Hi, publicists! You know I love you. You’re the reason I don’t pay for music. You help me make a living, sort of. But you don’t like wasting your time any more than I do, so here are a couple of tips that will save us both precious seconds we could be looking at animated GIFs of cats.
1. Please don’t send me invitations to concerts in cities in which I have not lived for five years. I really love it that you want to get me into shows for free, but having to drive 1600 miles to get to the venue cuts into the cost savings a bit.
2. Similarly, do not send me information about anything whatsoever involving clubs in New York. I have never been to a club in New York, and I will never be in a club ion New York, even in a bathroom attendant capacity.

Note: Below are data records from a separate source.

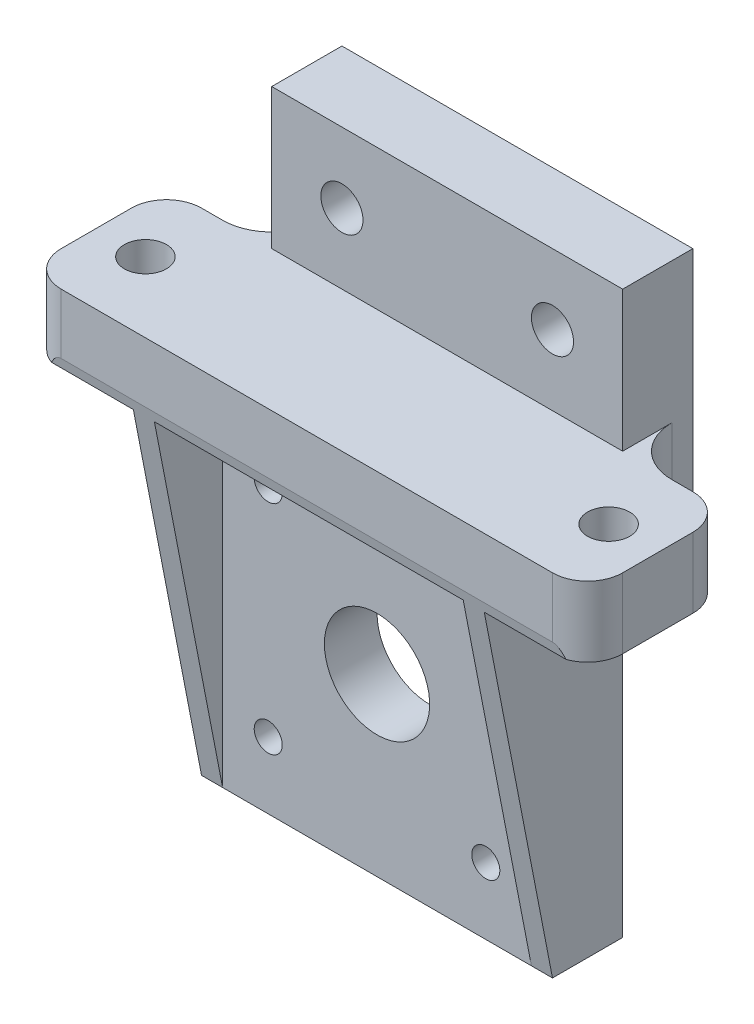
ISO-10303-21;
HEADER;
FILE_DESCRIPTION(('STEP AP214'),'2;1');
FILE_NAME('part.step','',(''),(''),'','','');
FILE_SCHEMA(('AUTOMOTIVE_DESIGN { 1 0 10303 214 1 1 1 1 }'));
ENDSEC;
DATA;
#1=APPLICATION_CONTEXT('core data for automotive mechanical design processes');
#2=APPLICATION_PROTOCOL_DEFINITION('international standard','automotive_design',2000,#1);
#3=PRODUCT_CONTEXT('',#1,'mechanical');
#4=PRODUCT('Part','Part','',(#3));
#5=PRODUCT_RELATED_PRODUCT_CATEGORY('part','',(#4));
#6=PRODUCT_DEFINITION_FORMATION('','',#4);
#7=PRODUCT_DEFINITION_CONTEXT('part definition',#1,'design');
#8=PRODUCT_DEFINITION('design','',#6,#7);
#9=PRODUCT_DEFINITION_SHAPE('','',#8);
#10=(LENGTH_UNIT() NAMED_UNIT(*) SI_UNIT(.MILLI.,.METRE.));
#11=(NAMED_UNIT(*) PLANE_ANGLE_UNIT() SI_UNIT($,.RADIAN.));
#12=(NAMED_UNIT(*) SI_UNIT($,.STERADIAN.) SOLID_ANGLE_UNIT());
#13=UNCERTAINTY_MEASURE_WITH_UNIT(LENGTH_MEASURE(1.E-05),#10,'distance_accuracy_value','');
#14=(GEOMETRIC_REPRESENTATION_CONTEXT(3) GLOBAL_UNCERTAINTY_ASSIGNED_CONTEXT((#13)) GLOBAL_UNIT_ASSIGNED_CONTEXT((#10,
#11,#12)) REPRESENTATION_CONTEXT('',''));
#15=CARTESIAN_POINT('',(0.,0.,0.));
#16=DIRECTION('',(0.,0.,1.));
#17=DIRECTION('',(1.,0.,0.));
#18=AXIS2_PLACEMENT_3D('',#15,#16,#17);
#19=CARTESIAN_POINT('',(0.,0.,10.));
#20=DIRECTION('',(0.,0.,1.));
#21=DIRECTION('',(1.,0.,0.));
#22=AXIS2_PLACEMENT_3D('',#19,#20,#21);
#23=PLANE('',#22);
#24=CARTESIAN_POINT('',(-52.2762597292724,18.5351099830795,10.));
#25=DIRECTION('',(0.,0.,-1.));
#26=DIRECTION('',(-1.,0.,0.));
#27=AXIS2_PLACEMENT_3D('',#24,#25,#26);
#28=CIRCLE('',#27,2.);
#29=CARTESIAN_POINT('',(-54.2762597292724,18.5351099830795,10.));
#30=VERTEX_POINT('',#29);
#31=EDGE_CURVE('E464',#30,#30,#28,.T.);
#32=ORIENTED_EDGE('',*,*,#31,.T.);
#33=EDGE_LOOP('',(#32));
#34=FACE_BOUND('',#33,.T.);
#35=CARTESIAN_POINT('',(-21.2762597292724,18.5351099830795,10.));
#36=DIRECTION('',(0.,0.,-1.));
#37=DIRECTION('',(-1.,0.,0.));
#38=AXIS2_PLACEMENT_3D('',#35,#36,#37);
#39=CIRCLE('',#38,2.);
#40=CARTESIAN_POINT('',(-23.2762597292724,18.5351099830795,10.));
#41=VERTEX_POINT('',#40);
#42=EDGE_CURVE('E471',#41,#41,#39,.T.);
#43=ORIENTED_EDGE('',*,*,#42,.T.);
#44=EDGE_LOOP('',(#43));
#45=FACE_BOUND('',#44,.T.);
#46=CARTESIAN_POINT('',(-21.2762597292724,-12.4648900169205,10.));
#47=DIRECTION('',(0.,0.,-1.));
#48=DIRECTION('',(-1.,0.,0.));
#49=AXIS2_PLACEMENT_3D('',#46,#47,#48);
#50=CIRCLE('',#49,2.);
#51=CARTESIAN_POINT('',(-23.2762597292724,-12.4648900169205,10.));
#52=VERTEX_POINT('',#51);
#53=EDGE_CURVE('E477',#52,#52,#50,.T.);
#54=ORIENTED_EDGE('',*,*,#53,.T.);
#55=EDGE_LOOP('',(#54));
#56=FACE_BOUND('',#55,.T.);
#57=CARTESIAN_POINT('',(-52.2762597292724,-12.4648900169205,10.));
#58=DIRECTION('',(0.,0.,-1.));
#59=DIRECTION('',(-1.,0.,0.));
#60=AXIS2_PLACEMENT_3D('',#57,#58,#59);
#61=CIRCLE('',#60,2.);
#62=CARTESIAN_POINT('',(-54.2762597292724,-12.4648900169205,10.));
#63=VERTEX_POINT('',#62);
#64=EDGE_CURVE('E483',#63,#63,#61,.T.);
#65=ORIENTED_EDGE('',*,*,#64,.T.);
#66=EDGE_LOOP('',(#65));
#67=FACE_BOUND('',#66,.T.);
#68=CARTESIAN_POINT('',(-36.7762597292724,3.03510998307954,10.));
#69=DIRECTION('',(0.,0.,-1.));
#70=DIRECTION('',(-1.,0.,0.));
#71=AXIS2_PLACEMENT_3D('',#68,#69,#70);
#72=CIRCLE('',#71,7.5);
#73=CARTESIAN_POINT('',(-44.2762597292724,3.03510998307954,10.));
#74=VERTEX_POINT('',#73);
#75=EDGE_CURVE('E489',#74,#74,#72,.T.);
#76=ORIENTED_EDGE('',*,*,#75,.T.);
#77=EDGE_LOOP('',(#76));
#78=FACE_BOUND('',#77,.T.);
#79=DIRECTION('',(1.,0.,0.));
#80=VECTOR('',#79,1.);
#81=CARTESIAN_POINT('',(-61.7762597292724,-21.9648900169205,10.));
#82=LINE('',#81,#80);
#83=CARTESIAN_POINT('',(-58.7762597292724,-21.9648900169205,10.));
#84=VERTEX_POINT('',#83);
#85=CARTESIAN_POINT('',(-14.7762597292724,-21.9648900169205,10.));
#86=VERTEX_POINT('',#85);
#87=EDGE_CURVE('E210',#84,#86,#82,.T.);
#88=ORIENTED_EDGE('',*,*,#87,.T.);
#89=DIRECTION('',(0.,-1.,0.));
#90=VECTOR('',#89,1.);
#91=CARTESIAN_POINT('',(-14.7762597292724,-21.9648900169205,10.));
#92=LINE('',#91,#90);
#93=CARTESIAN_POINT('',(-14.7762597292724,23.0351099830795,10.));
#94=VERTEX_POINT('',#93);
#95=EDGE_CURVE('E222',#94,#86,#92,.T.);
#96=ORIENTED_EDGE('',*,*,#95,.F.);
#97=DIRECTION('',(-1.,0.,0.));
#98=VECTOR('',#97,1.);
#99=CARTESIAN_POINT('',(0.,23.0351099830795,10.));
#100=LINE('',#99,#98);
#101=CARTESIAN_POINT('',(-58.7762597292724,23.0351099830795,10.));
#102=VERTEX_POINT('',#101);
#103=EDGE_CURVE('E399',#94,#102,#100,.T.);
#104=ORIENTED_EDGE('',*,*,#103,.T.);
#105=DIRECTION('',(0.,1.,0.));
#106=VECTOR('',#105,1.);
#107=CARTESIAN_POINT('',(-58.7762597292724,-21.9648900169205,10.));
#108=LINE('',#107,#106);
#109=EDGE_CURVE('E233',#84,#102,#108,.T.);
#110=ORIENTED_EDGE('',*,*,#109,.F.);
#111=EDGE_LOOP('',(#88,#96,#104,#110));
#112=FACE_BOUND('',#111,.T.);
#113=ADVANCED_FACE('F33',(#34,#45,#56,#67,#78,#112),#23,.T.);
#114=CARTESIAN_POINT('',(0.,28.0351099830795,0.));
#115=DIRECTION('',(0.,1.,0.));
#116=DIRECTION('',(0.,0.,1.));
#117=AXIS2_PLACEMENT_3D('',#114,#115,#116);
#118=PLANE('',#117);
#119=CARTESIAN_POINT('',(-3.77625972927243,28.0351099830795,10.));
#120=DIRECTION('',(0.,-1.,0.));
#121=DIRECTION('',(0.,0.,-1.));
#122=AXIS2_PLACEMENT_3D('',#119,#120,#121);
#123=CIRCLE('',#122,4.5);
#124=CARTESIAN_POINT('',(-3.77625972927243,28.0351099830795,5.5));
#125=VERTEX_POINT('',#124);
#126=EDGE_CURVE('E352',#125,#125,#123,.T.);
#127=ORIENTED_EDGE('',*,*,#126,.F.);
#128=EDGE_LOOP('',(#127));
#129=FACE_BOUND('',#128,.T.);
#130=CARTESIAN_POINT('',(-1.77625972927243,28.0351099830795,15.));
#131=DIRECTION('',(0.,1.,0.));
#132=DIRECTION('',(0.,0.,1.));
#133=AXIS2_PLACEMENT_3D('',#130,#131,#132);
#134=CIRCLE('',#133,5.);
#135=CARTESIAN_POINT('',(3.22374027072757,28.0351099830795,15.));
#136=VERTEX_POINT('',#135);
#137=CARTESIAN_POINT('',(-0.123718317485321,28.0351099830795,19.719015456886));
#138=VERTEX_POINT('',#137);
#139=EDGE_CURVE('E420',#136,#138,#134,.F.);
#140=ORIENTED_EDGE('',*,*,#139,.T.);
#141=DIRECTION('',(1.,0.,0.));
#142=VECTOR('',#141,1.);
#143=CARTESIAN_POINT('',(-11.7762597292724,28.0351099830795,19.719015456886));
#144=LINE('',#143,#142);
#145=CARTESIAN_POINT('',(-11.7762597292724,28.0351099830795,19.719015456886));
#146=VERTEX_POINT('',#145);
#147=EDGE_CURVE('E251',#138,#146,#144,.F.);
#148=ORIENTED_EDGE('',*,*,#147,.T.);
#149=DIRECTION('',(0.,0.,-1.));
#150=VECTOR('',#149,1.);
#151=CARTESIAN_POINT('',(-11.7762597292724,28.0351099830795,20.));
#152=LINE('',#151,#150);
#153=CARTESIAN_POINT('',(-11.7762597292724,28.0351099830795,-5.));
#154=VERTEX_POINT('',#153);
#155=EDGE_CURVE('E256',#146,#154,#152,.T.);
#156=ORIENTED_EDGE('',*,*,#155,.T.);
#157=DIRECTION('',(0.,0.,-1.));
#158=VECTOR('',#157,1.);
#159=CARTESIAN_POINT('',(-11.7762597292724,28.0351099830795,20.));
#160=LINE('',#159,#158);
#161=CARTESIAN_POINT('',(-11.7762597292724,28.0351099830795,-7.));
#162=VERTEX_POINT('',#161);
#163=EDGE_CURVE('E290',#154,#162,#160,.T.);
#164=ORIENTED_EDGE('',*,*,#163,.T.);
#165=CARTESIAN_POINT('',(-4.77625972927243,28.0351099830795,-7.));
#166=DIRECTION('',(0.,1.,0.));
#167=DIRECTION('',(0.,0.,1.));
#168=AXIS2_PLACEMENT_3D('',#165,#166,#167);
#169=CIRCLE('',#168,7.);
#170=CARTESIAN_POINT('',(-4.77625972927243,28.0351099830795,0.));
#171=VERTEX_POINT('',#170);
#172=EDGE_CURVE('E300',#162,#171,#169,.T.);
#173=ORIENTED_EDGE('',*,*,#172,.T.);
#174=DIRECTION('',(-1.,0.,0.));
#175=VECTOR('',#174,1.);
#176=CARTESIAN_POINT('',(3.22374027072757,28.0351099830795,0.));
#177=LINE('',#176,#175);
#178=CARTESIAN_POINT('',(-1.77625972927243,28.0351099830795,0.));
#179=VERTEX_POINT('',#178);
#180=EDGE_CURVE('E278',#179,#171,#177,.T.);
#181=ORIENTED_EDGE('',*,*,#180,.F.);
#182=CARTESIAN_POINT('',(-1.77625972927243,28.0351099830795,5.));
#183=DIRECTION('',(0.,1.,0.));
#184=DIRECTION('',(0.,0.,1.));
#185=AXIS2_PLACEMENT_3D('',#182,#183,#184);
#186=CIRCLE('',#185,5.);
#187=CARTESIAN_POINT('',(3.22374027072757,28.0351099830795,5.));
#188=VERTEX_POINT('',#187);
#189=EDGE_CURVE('E574',#179,#188,#186,.F.);
#190=ORIENTED_EDGE('',*,*,#189,.T.);
#191=DIRECTION('',(0.,0.,-1.));
#192=VECTOR('',#191,1.);
#193=CARTESIAN_POINT('',(3.22374027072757,28.0351099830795,20.));
#194=LINE('',#193,#192);
#195=EDGE_CURVE('E316',#136,#188,#194,.T.);
#196=ORIENTED_EDGE('',*,*,#195,.F.);
#197=EDGE_LOOP('',(#140,#148,#156,#164,#173,#181,#190,#196));
#198=FACE_BOUND('',#197,.T.);
#199=ADVANCED_FACE('F425',(#129,#198),#118,.F.);
#200=DIRECTION('',(0.,0.,-1.));
#201=VECTOR('',#200,1.);
#202=CARTESIAN_POINT('',(-14.7762597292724,28.0351099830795,20.));
#203=LINE('',#202,#201);
#204=CARTESIAN_POINT('',(-14.7762597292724,28.0351099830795,19.719015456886));
#205=VERTEX_POINT('',#204);
#206=CARTESIAN_POINT('',(-14.7762597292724,28.0351099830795,15.));
#207=VERTEX_POINT('',#206);
#208=EDGE_CURVE('E229',#205,#207,#203,.T.);
#209=ORIENTED_EDGE('',*,*,#208,.F.);
#210=DIRECTION('',(1.,0.,0.));
#211=VECTOR('',#210,1.);
#212=CARTESIAN_POINT('',(-11.7762597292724,28.0351099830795,19.719015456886));
#213=LINE('',#212,#211);
#214=CARTESIAN_POINT('',(-58.7762597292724,28.0351099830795,19.719015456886));
#215=VERTEX_POINT('',#214);
#216=EDGE_CURVE('E238',#205,#215,#213,.F.);
#217=ORIENTED_EDGE('',*,*,#216,.T.);
#218=DIRECTION('',(0.,0.,-1.));
#219=VECTOR('',#218,1.);
#220=CARTESIAN_POINT('',(-58.7762597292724,28.0351099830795,20.));
#221=LINE('',#220,#219);
#222=CARTESIAN_POINT('',(-58.7762597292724,28.0351099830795,15.));
#223=VERTEX_POINT('',#222);
#224=EDGE_CURVE('E249',#215,#223,#221,.T.);
#225=ORIENTED_EDGE('',*,*,#224,.T.);
#226=DIRECTION('',(-1.,0.,0.));
#227=VECTOR('',#226,1.);
#228=CARTESIAN_POINT('',(0.,28.0351099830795,15.));
#229=LINE('',#228,#227);
#230=EDGE_CURVE('E398',#223,#207,#229,.F.);
#231=ORIENTED_EDGE('',*,*,#230,.T.);
#232=EDGE_LOOP('',(#209,#217,#225,#231));
#233=FACE_BOUND('',#232,.T.);
#234=ADVANCED_FACE('F400',(#233),#118,.F.);
#235=CARTESIAN_POINT('',(0.,23.0351099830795,15.));
#236=DIRECTION('',(-1.,0.,0.));
#237=DIRECTION('',(0.,0.,1.));
#238=AXIS2_PLACEMENT_3D('',#235,#236,#237);
#239=CYLINDRICAL_SURFACE('',#238,5.);
#240=CARTESIAN_POINT('',(-14.7762597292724,23.0351099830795,15.));
#241=DIRECTION('',(1.,0.,0.));
#242=DIRECTION('',(0.,0.,-1.));
#243=AXIS2_PLACEMENT_3D('',#240,#241,#242);
#244=CIRCLE('',#243,5.);
#245=EDGE_CURVE('E226',#207,#94,#244,.F.);
#246=ORIENTED_EDGE('',*,*,#245,.F.);
#247=ORIENTED_EDGE('',*,*,#230,.F.);
#248=CARTESIAN_POINT('',(-58.7762597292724,23.0351099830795,15.));
#249=DIRECTION('',(-1.,0.,0.));
#250=DIRECTION('',(0.,0.,1.));
#251=AXIS2_PLACEMENT_3D('',#248,#249,#250);
#252=CIRCLE('',#251,5.);
#253=EDGE_CURVE('E401',#102,#223,#252,.F.);
#254=ORIENTED_EDGE('',*,*,#253,.F.);
#255=ORIENTED_EDGE('',*,*,#103,.F.);
#256=EDGE_LOOP('',(#246,#247,#254,#255));
#257=FACE_BOUND('',#256,.T.);
#258=ADVANCED_FACE('F396',(#257),#239,.F.);
#259=CARTESIAN_POINT('',(-69.7762597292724,28.0351099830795,10.));
#260=DIRECTION('',(0.,-1.,0.));
#261=DIRECTION('',(0.,0.,-1.));
#262=AXIS2_PLACEMENT_3D('',#259,#260,#261);
#263=CIRCLE('',#262,4.5);
#264=CARTESIAN_POINT('',(-69.7762597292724,28.0351099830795,5.5));
#265=VERTEX_POINT('',#264);
#266=EDGE_CURVE('E346',#265,#265,#263,.T.);
#267=ORIENTED_EDGE('',*,*,#266,.F.);
#268=EDGE_LOOP('',(#267));
#269=FACE_BOUND('',#268,.T.);
#270=DIRECTION('',(0.,0.,1.));
#271=VECTOR('',#270,1.);
#272=CARTESIAN_POINT('',(-61.7762597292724,28.0351099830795,20.));
#273=LINE('',#272,#271);
#274=CARTESIAN_POINT('',(-61.7762597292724,28.0351099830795,-5.));
#275=VERTEX_POINT('',#274);
#276=CARTESIAN_POINT('',(-61.7762597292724,28.0351099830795,19.719015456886));
#277=VERTEX_POINT('',#276);
#278=EDGE_CURVE('E271',#275,#277,#273,.T.);
#279=ORIENTED_EDGE('',*,*,#278,.T.);
#280=DIRECTION('',(1.,0.,0.));
#281=VECTOR('',#280,1.);
#282=CARTESIAN_POINT('',(-11.7762597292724,28.0351099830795,19.719015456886));
#283=LINE('',#282,#281);
#284=CARTESIAN_POINT('',(-73.4288011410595,28.0351099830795,19.719015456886));
#285=VERTEX_POINT('',#284);
#286=EDGE_CURVE('E41',#277,#285,#283,.F.);
#287=ORIENTED_EDGE('',*,*,#286,.T.);
#288=CARTESIAN_POINT('',(-71.7762597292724,28.0351099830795,15.));
#289=DIRECTION('',(0.,1.,0.));
#290=DIRECTION('',(0.,0.,1.));
#291=AXIS2_PLACEMENT_3D('',#288,#289,#290);
#292=CIRCLE('',#291,5.);
#293=CARTESIAN_POINT('',(-76.7762597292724,28.0351099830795,15.));
#294=VERTEX_POINT('',#293);
#295=EDGE_CURVE('E585',#285,#294,#292,.F.);
#296=ORIENTED_EDGE('',*,*,#295,.T.);
#297=DIRECTION('',(0.,0.,1.));
#298=VECTOR('',#297,1.);
#299=CARTESIAN_POINT('',(-76.7762597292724,28.0351099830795,20.));
#300=LINE('',#299,#298);
#301=CARTESIAN_POINT('',(-76.7762597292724,28.0351099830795,5.));
#302=VERTEX_POINT('',#301);
#303=EDGE_CURVE('E270',#302,#294,#300,.T.);
#304=ORIENTED_EDGE('',*,*,#303,.F.);
#305=CARTESIAN_POINT('',(-71.7762597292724,28.0351099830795,5.));
#306=DIRECTION('',(0.,1.,0.));
#307=DIRECTION('',(0.,0.,1.));
#308=AXIS2_PLACEMENT_3D('',#305,#306,#307);
#309=CIRCLE('',#308,5.);
#310=CARTESIAN_POINT('',(-71.7762597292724,28.0351099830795,0.));
#311=VERTEX_POINT('',#310);
#312=EDGE_CURVE('E590',#302,#311,#309,.F.);
#313=ORIENTED_EDGE('',*,*,#312,.T.);
#314=DIRECTION('',(1.,0.,0.));
#315=VECTOR('',#314,1.);
#316=CARTESIAN_POINT('',(-76.7762597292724,28.0351099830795,0.));
#317=LINE('',#316,#315);
#318=CARTESIAN_POINT('',(-68.7762597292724,28.0351099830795,0.));
#319=VERTEX_POINT('',#318);
#320=EDGE_CURVE('E274',#311,#319,#317,.T.);
#321=ORIENTED_EDGE('',*,*,#320,.T.);
#322=CARTESIAN_POINT('',(-68.7762597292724,28.0351099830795,-7.));
#323=DIRECTION('',(0.,1.,0.));
#324=DIRECTION('',(0.,0.,1.));
#325=AXIS2_PLACEMENT_3D('',#322,#323,#324);
#326=CIRCLE('',#325,7.);
#327=CARTESIAN_POINT('',(-61.7762597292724,28.0351099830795,-7.));
#328=VERTEX_POINT('',#327);
#329=EDGE_CURVE('E457',#319,#328,#326,.T.);
#330=ORIENTED_EDGE('',*,*,#329,.T.);
#331=DIRECTION('',(0.,0.,1.));
#332=VECTOR('',#331,1.);
#333=CARTESIAN_POINT('',(-61.7762597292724,28.0351099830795,20.));
#334=LINE('',#333,#332);
#335=EDGE_CURVE('E446',#328,#275,#334,.T.);
#336=ORIENTED_EDGE('',*,*,#335,.T.);
#337=EDGE_LOOP('',(#279,#287,#296,#304,#313,#321,#330,#336));
#338=FACE_BOUND('',#337,.T.);
#339=ADVANCED_FACE('F608',(#269,#338),#118,.F.);
#340=CARTESIAN_POINT('',(-21.7762597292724,48.0351099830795,-10.));
#341=DIRECTION('',(0.,0.,1.));
#342=DIRECTION('',(1.,0.,0.));
#343=AXIS2_PLACEMENT_3D('',#340,#341,#342);
#344=CYLINDRICAL_SURFACE('',#343,3.);
#345=CARTESIAN_POINT('',(-21.7762597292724,48.0351099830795,0.));
#346=DIRECTION('',(0.,0.,1.));
#347=DIRECTION('',(1.,0.,0.));
#348=AXIS2_PLACEMENT_3D('',#345,#346,#347);
#349=CIRCLE('',#348,3.);
#350=CARTESIAN_POINT('',(-18.7762597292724,48.0351099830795,0.));
#351=VERTEX_POINT('',#350);
#352=EDGE_CURVE('E372',#351,#351,#349,.T.);
#353=ORIENTED_EDGE('',*,*,#352,.T.);
#354=EDGE_LOOP('',(#353));
#355=FACE_BOUND('',#354,.T.);
#356=CARTESIAN_POINT('',(-21.7762597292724,48.0351099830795,-7.));
#357=DIRECTION('',(0.,0.,-1.));
#358=DIRECTION('',(-1.,0.,0.));
#359=AXIS2_PLACEMENT_3D('',#356,#357,#358);
#360=CIRCLE('',#359,3.);
#361=CARTESIAN_POINT('',(-24.7762597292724,48.0351099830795,-7.));
#362=VERTEX_POINT('',#361);
#363=EDGE_CURVE('E380',#362,#362,#360,.F.);
#364=ORIENTED_EDGE('',*,*,#363,.F.);
#365=EDGE_LOOP('',(#364));
#366=FACE_BOUND('',#365,.T.);
#367=ADVANCED_FACE('F682',(#355,#366),#344,.F.);
#368=CARTESIAN_POINT('',(-51.7762597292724,48.0351099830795,-10.));
#369=DIRECTION('',(0.,0.,1.));
#370=DIRECTION('',(1.,0.,0.));
#371=AXIS2_PLACEMENT_3D('',#368,#369,#370);
#372=CYLINDRICAL_SURFACE('',#371,3.);
#373=CARTESIAN_POINT('',(-51.7762597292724,48.0351099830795,0.));
#374=DIRECTION('',(0.,0.,1.));
#375=DIRECTION('',(1.,0.,0.));
#376=AXIS2_PLACEMENT_3D('',#373,#374,#375);
#377=CIRCLE('',#376,3.);
#378=CARTESIAN_POINT('',(-48.7762597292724,48.0351099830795,0.));
#379=VERTEX_POINT('',#378);
#380=EDGE_CURVE('E369',#379,#379,#377,.T.);
#381=ORIENTED_EDGE('',*,*,#380,.T.);
#382=EDGE_LOOP('',(#381));
#383=FACE_BOUND('',#382,.T.);
#384=CARTESIAN_POINT('',(-51.7762597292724,48.0351099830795,-7.));
#385=DIRECTION('',(0.,0.,-1.));
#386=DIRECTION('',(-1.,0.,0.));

3. Why do I care about your client exclusively debuting a song through a publication I don’t work for? It’s not my job to give my rivals free publicity. If they want me to get excited about something, let them hire me.
4. I really don’t need to get the same announcement more than four times. Two is really more than enough, to be perfectly honest with you.
5. The best way to get me to ignore your e-mails is to make them seem like homework. If they are more than five pages long, or require me to fill out a form, or make me feel guilty for doing my job, I’m just going to feel like I’m 11 years old.
6. When I ask for an interview or promo materials, I’m not trying to pull a fast one on you. I have enough headaches, honestly. Your client isn’t the president. I’m not going to give his phone number to Kim Jong-Il.
7. There are approximately 900 billion ways to get music to me. So there is no chance I’m going to review something based on 30-second clips. None. I recognize this may not be your fault, but it’s still bush league.
8. Screeners! I love screeners! Everybody loves screeners! I promise not to sell them on street corners! And they are so much better than a one-paragraph written description of your movie or TV show, which is as useful as a dead battery.
9. Please do not send me press releases about a new landing screen on your client’s website. No one in the history of the world has ever gotten excited about a new landing screen on a website.
10. But seriously, I love you, each and every one. I mean it.